Dalia z ostatniego zdjęcia piękna, ja tak różnie do nich podchodzę, generalnie lubię ale te niskie, kompaktowe, poza tym jakoś nie mam zacięcia do ich wkopywania i wykopywania na zimę. W zeszłym roku sadziłam i to dość sporo w dużych donicach plastikowych i potem wędrowały po ogrodzie, zasłaniając dziury po przekwitniętych bylinach. W każdym razie przechowuję kilka karp i mam nadzieję że w tym roku też będą cieszyć moje oczy.

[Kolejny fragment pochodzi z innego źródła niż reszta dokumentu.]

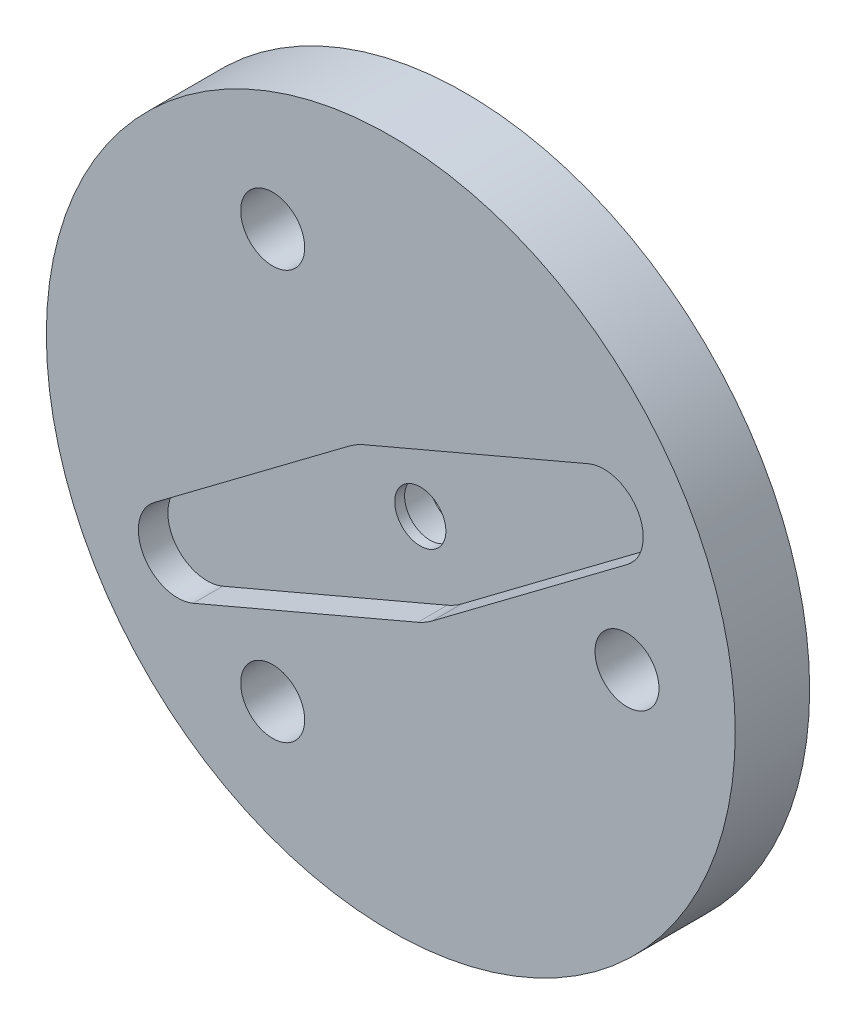
ISO-10303-21;
HEADER;
FILE_DESCRIPTION(('STEP AP214'),'2;1');
FILE_NAME('part.step','',(''),(''),'','','');
FILE_SCHEMA(('AUTOMOTIVE_DESIGN { 1 0 10303 214 1 1 1 1 }'));
ENDSEC;
DATA;
#1=APPLICATION_CONTEXT('core data for automotive mechanical design processes');
#2=APPLICATION_PROTOCOL_DEFINITION('international standard','automotive_design',2000,#1);
#3=PRODUCT_CONTEXT('',#1,'mechanical');
#4=PRODUCT('Part','Part','',(#3));
#5=PRODUCT_RELATED_PRODUCT_CATEGORY('part','',(#4));
#6=PRODUCT_DEFINITION_FORMATION('','',#4);
#7=PRODUCT_DEFINITION_CONTEXT('part definition',#1,'design');
#8=PRODUCT_DEFINITION('design','',#6,#7);
#9=PRODUCT_DEFINITION_SHAPE('','',#8);
#10=(LENGTH_UNIT() NAMED_UNIT(*) SI_UNIT(.MILLI.,.METRE.));
#11=(NAMED_UNIT(*) PLANE_ANGLE_UNIT() SI_UNIT($,.RADIAN.));
#12=(NAMED_UNIT(*) SI_UNIT($,.STERADIAN.) SOLID_ANGLE_UNIT());
#13=UNCERTAINTY_MEASURE_WITH_UNIT(LENGTH_MEASURE(1.E-05),#10,'distance_accuracy_value','');
#14=(GEOMETRIC_REPRESENTATION_CONTEXT(3) GLOBAL_UNCERTAINTY_ASSIGNED_CONTEXT((#13)) GLOBAL_UNIT_ASSIGNED_CONTEXT((#10,
#11,#12)) REPRESENTATION_CONTEXT('',''));
#15=CARTESIAN_POINT('',(0.,0.,0.));
#16=DIRECTION('',(0.,0.,1.));
#17=DIRECTION('',(1.,0.,0.));
#18=AXIS2_PLACEMENT_3D('',#15,#16,#17);
#19=CARTESIAN_POINT('',(0.,0.,0.));
#20=DIRECTION('',(0.,0.,1.));
#21=DIRECTION('',(1.,0.,0.));
#22=AXIS2_PLACEMENT_3D('',#19,#20,#21);
#23=CYLINDRICAL_SURFACE('',#22,1.3);
#24=CARTESIAN_POINT('',(0.,0.,1.78109250195854));
#25=DIRECTION('',(0.,0.,1.));
#26=DIRECTION('',(1.,0.,0.));
#27=AXIS2_PLACEMENT_3D('',#24,#25,#26);
#28=CIRCLE('',#27,1.3);
#29=CARTESIAN_POINT('',(1.3,0.,1.78109250195854));
#30=VERTEX_POINT('',#29);
#31=EDGE_CURVE('E44',#30,#30,#28,.F.);
#32=ORIENTED_EDGE('',*,*,#31,.T.);
#33=EDGE_LOOP('',(#32));
#34=FACE_BOUND('',#33,.T.);
#35=CARTESIAN_POINT('',(0.,0.,2.28109250195854));
#36=DIRECTION('',(0.,0.,1.));
#37=DIRECTION('',(1.,0.,0.));
#38=AXIS2_PLACEMENT_3D('',#35,#36,#37);
#39=CIRCLE('',#38,1.3);
#40=CARTESIAN_POINT('',(1.3,0.,2.28109250195854));
#41=VERTEX_POINT('',#40);
#42=EDGE_CURVE('E178',#41,#41,#39,.F.);
#43=ORIENTED_EDGE('',*,*,#42,.F.);
#44=EDGE_LOOP('',(#43));
#45=FACE_BOUND('',#44,.T.);
#46=ADVANCED_FACE('F40',(#34,#45),#23,.F.);
#47=CARTESIAN_POINT('',(0.,0.,3.78109250195854));
#48=DIRECTION('',(0.,0.,-1.));
#49=DIRECTION('',(-1.,0.,0.));
#50=AXIS2_PLACEMENT_3D('',#47,#48,#49);
#51=CYLINDRICAL_SURFACE('',#50,17.5);
#52=CARTESIAN_POINT('',(0.,0.,3.78109250195854));
#53=DIRECTION('',(0.,0.,1.));
#54=DIRECTION('',(1.,0.,0.));
#55=AXIS2_PLACEMENT_3D('',#52,#53,#54);
#56=CIRCLE('',#55,17.5);
#57=CARTESIAN_POINT('',(17.5,0.,3.78109250195854));
#58=VERTEX_POINT('',#57);
#59=EDGE_CURVE('E12',#58,#58,#56,.T.);
#60=ORIENTED_EDGE('',*,*,#59,.F.);
#61=EDGE_LOOP('',(#60));
#62=FACE_BOUND('',#61,.T.);
#63=CARTESIAN_POINT('',(0.,0.,0.));
#64=DIRECTION('',(0.,0.,1.));
#65=DIRECTION('',(1.,0.,0.));
#66=AXIS2_PLACEMENT_3D('',#63,#64,#65);
#67=CIRCLE('',#66,17.5);
#68=CARTESIAN_POINT('',(17.5,0.,0.));
#69=VERTEX_POINT('',#68);
#70=EDGE_CURVE('E50',#69,#69,#67,.T.);
#71=ORIENTED_EDGE('',*,*,#70,.T.);
#72=EDGE_LOOP('',(#71));
#73=FACE_BOUND('',#72,.T.);
#74=ADVANCED_FACE('F42',(#62,#73),#51,.T.);
#75=CARTESIAN_POINT('',(0.,0.,3.78109250195854));
#76=DIRECTION('',(0.,0.,1.));
#77=DIRECTION('',(1.,0.,0.));
#78=AXIS2_PLACEMENT_3D('',#75,#76,#77);
#79=PLANE('',#78);
#80=CARTESIAN_POINT('',(10.8253175473055,6.24999999999998,3.78109250195854));
#81=DIRECTION('',(0.,0.,1.));
#82=DIRECTION('',(1.,0.,0.));
#83=AXIS2_PLACEMENT_3D('',#80,#81,#82);
#84=CIRCLE('',#83,2.);
#85=CARTESIAN_POINT('',(12.025937535893,4.6504651791836,3.78109250195854));
#86=VERTEX_POINT('',#85);
#87=CARTESIAN_POINT('',(10.0403897525345,8.08953482081635,3.78109250195854));
#88=VERTEX_POINT('',#87);
#89=EDGE_CURVE('E58',#86,#88,#84,.T.);
#90=ORIENTED_EDGE('',*,*,#89,.F.);
#91=DIRECTION('',(0.799767410408188,0.600309994293765,0.));
#92=VECTOR('',#91,1.);
#93=CARTESIAN_POINT('',(2.10108498002818,-2.79918593642866,3.78109250195854));
#94=LINE('',#93,#92);
#95=CARTESIAN_POINT('',(2.10108498002818,-2.79918593642866,3.78109250195854));
#96=VERTEX_POINT('',#95);
#97=EDGE_CURVE('E172',#96,#86,#94,.T.);
#98=ORIENTED_EDGE('',*,*,#97,.F.);
#99=CARTESIAN_POINT('',(0.,0.,3.78109250195854));
#100=DIRECTION('',(0.,0.,1.));
#101=DIRECTION('',(1.,0.,0.));
#102=AXIS2_PLACEMENT_3D('',#99,#100,#101);
#103=CIRCLE('',#102,3.5);
#104=CARTESIAN_POINT('',(1.37362364084925,-3.21918593642866,3.78109250195854));
#105=VERTEX_POINT('',#104);
#106=EDGE_CURVE('E169',#105,#96,#103,.T.);
#107=ORIENTED_EDGE('',*,*,#106,.F.);
#108=DIRECTION('',(0.919767410408188,0.3924638973855,0.));
#109=VECTOR('',#108,1.);
#110=CARTESIAN_POINT('',(-10.0403897525345,-8.08953482081635,3.78109250195854));
#111=LINE('',#110,#109);
#112=CARTESIAN_POINT('',(-10.0403897525345,-8.08953482081635,3.78109250195854));
#113=VERTEX_POINT('',#112);
#114=EDGE_CURVE('E118',#113,#105,#111,.T.);
#115=ORIENTED_EDGE('',*,*,#114,.F.);
#116=CARTESIAN_POINT('',(-10.8253175473055,-6.24999999999998,3.78109250195854));
#117=DIRECTION('',(0.,0.,1.));
#118=DIRECTION('',(1.,0.,0.));
#119=AXIS2_PLACEMENT_3D('',#116,#117,#118);
#120=CIRCLE('',#119,2.);
#121=CARTESIAN_POINT('',(-12.025937535893,-4.6504651791836,3.78109250195854));
#122=VERTEX_POINT('',#121);
#123=EDGE_CURVE('E163',#122,#113,#120,.T.);
#124=ORIENTED_EDGE('',*,*,#123,.F.);
#125=DIRECTION('',(-0.799767410408188,-0.600309994293765,0.));
#126=VECTOR('',#125,1.);
#127=CARTESIAN_POINT('',(-2.10108498002818,2.79918593642866,3.78109250195854));
#128=LINE('',#127,#126);
#129=CARTESIAN_POINT('',(-2.10108498002818,2.79918593642866,3.78109250195854));
#130=VERTEX_POINT('',#129);
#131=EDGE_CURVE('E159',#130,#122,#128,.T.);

W kwestii powojników to i mnie marzy się dokupienie kilku, ale raczej z tych niższych, bo wyższe uciekają na drugą stronę maty i podziwiają je sąsiedzi lub są zjadane przez pasące się koniki. W tym roku wysadzam kilka winobluszczy, które mimo 4 lat nie zdążyły się zadomowić u mnie w ogrodzie i nie chcą rosnąć. W to miejsce mam zamiar posadzić jakieś nieskomplikowane róże pnące, a potem dosadzić do nich powojniki. W każdym razie muszę doczytać o tych połączeniach co z czym.
Cieszę się, że zamieszanie z projektem dobiegło końca i możesz przystąpić do realizacji.